**Items from a dataset**.
★ ★ ★ ★ ★
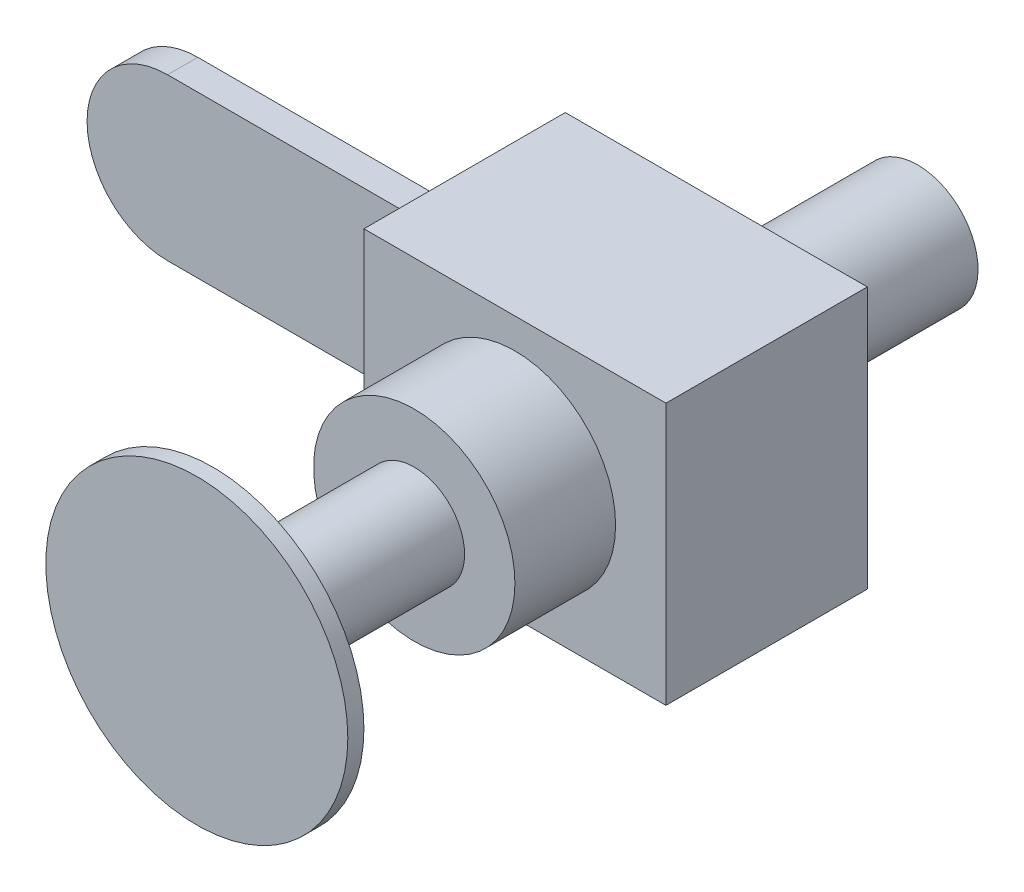
from build123d import *

# Parameters (mm, degrees)
BOSS_EXTRUDE1_DEPTH = 7.5
SKETCH3_W           = 100
SKETCH3_H           = 130
BOSS_EXTRUDE2_DEPTH = 150
SKETCH4_R           = 30
BOSS_EXTRUDE3_DEPTH = 100
SKETCH5_R           = 50
BOSS_EXTRUDE4_DEPTH = 50
SKETCH6_R           = 25
BOSS_EXTRUDE5_DEPTH = 100
SKETCH7_R           = 75
BOSS_EXTRUDE6_DEPTH = 8


with BuildPart() as part:
    # Sketch1 → Boss-Extrude1 (new body, symmetric)
    with BuildSketch(Plane.XY):
        with BuildLine():
            Line((0, 40), (140, 40))
            Line((140, 40), (140, -40))
            Line((140, -40), (0, -40))
            ThreePointArc((0, -40), (-40, 0), (0, 40))
        make_face()
    extrude(amount=BOSS_EXTRUDE1_DEPTH, both=True)

    # Sketch3 → Boss-Extrude2 (add)
    with BuildSketch(Plane(origin=(140, 0, 0), x_dir=(0, 0, -1), z_dir=(1, 0, 0))):
        Rectangle(SKETCH3_W, SKETCH3_H)
    extrude(amount=BOSS_EXTRUDE2_DEPTH)

    # Sketch4 → Boss-Extrude3 (add)
    with BuildSketch(Plane(origin=(0, 0, -50), x_dir=(-1, 0, 0), z_dir=(0, 0, -1))):
        with Locations((-215, 0)):
            Circle(SKETCH4_R)
    extrude(amount=BOSS_EXTRUDE3_DEPTH)

    # Sketch5 → Boss-Extrude4 (add)
    with BuildSketch(Plane.XY.offset(50)):
        with Locations((215, 0)):
            Circle(SKETCH5_R)
    extrude(amount=BOSS_EXTRUDE4_DEPTH)

    # Sketch6 → Boss-Extrude5 (add)
    with BuildSketch(Plane.XY.offset(100)):
        with Locations((215, 0)):
            Circle(SKETCH6_R)
    extrude(amount=BOSS_EXTRUDE5_DEPTH)

    # Sketch7 → Boss-Extrude6 (add)
    with BuildSketch(Plane.XY.offset(200)):
        with Locations((215, 0)):
            Circle(SKETCH7_R)
    extrude(amount=BOSS_EXTRUDE6_DEPTH)


solid = part.part
★ ★ ★ ★ ★
**Instructions for the task**. Reproduce each line of the records in which the word "Circle" appears.

**Expected output**.
            Circle(SKETCH4_R)
            Circle(SKETCH5_R)
            Circle(SKETCH6_R)
            Circle(SKETCH7_R)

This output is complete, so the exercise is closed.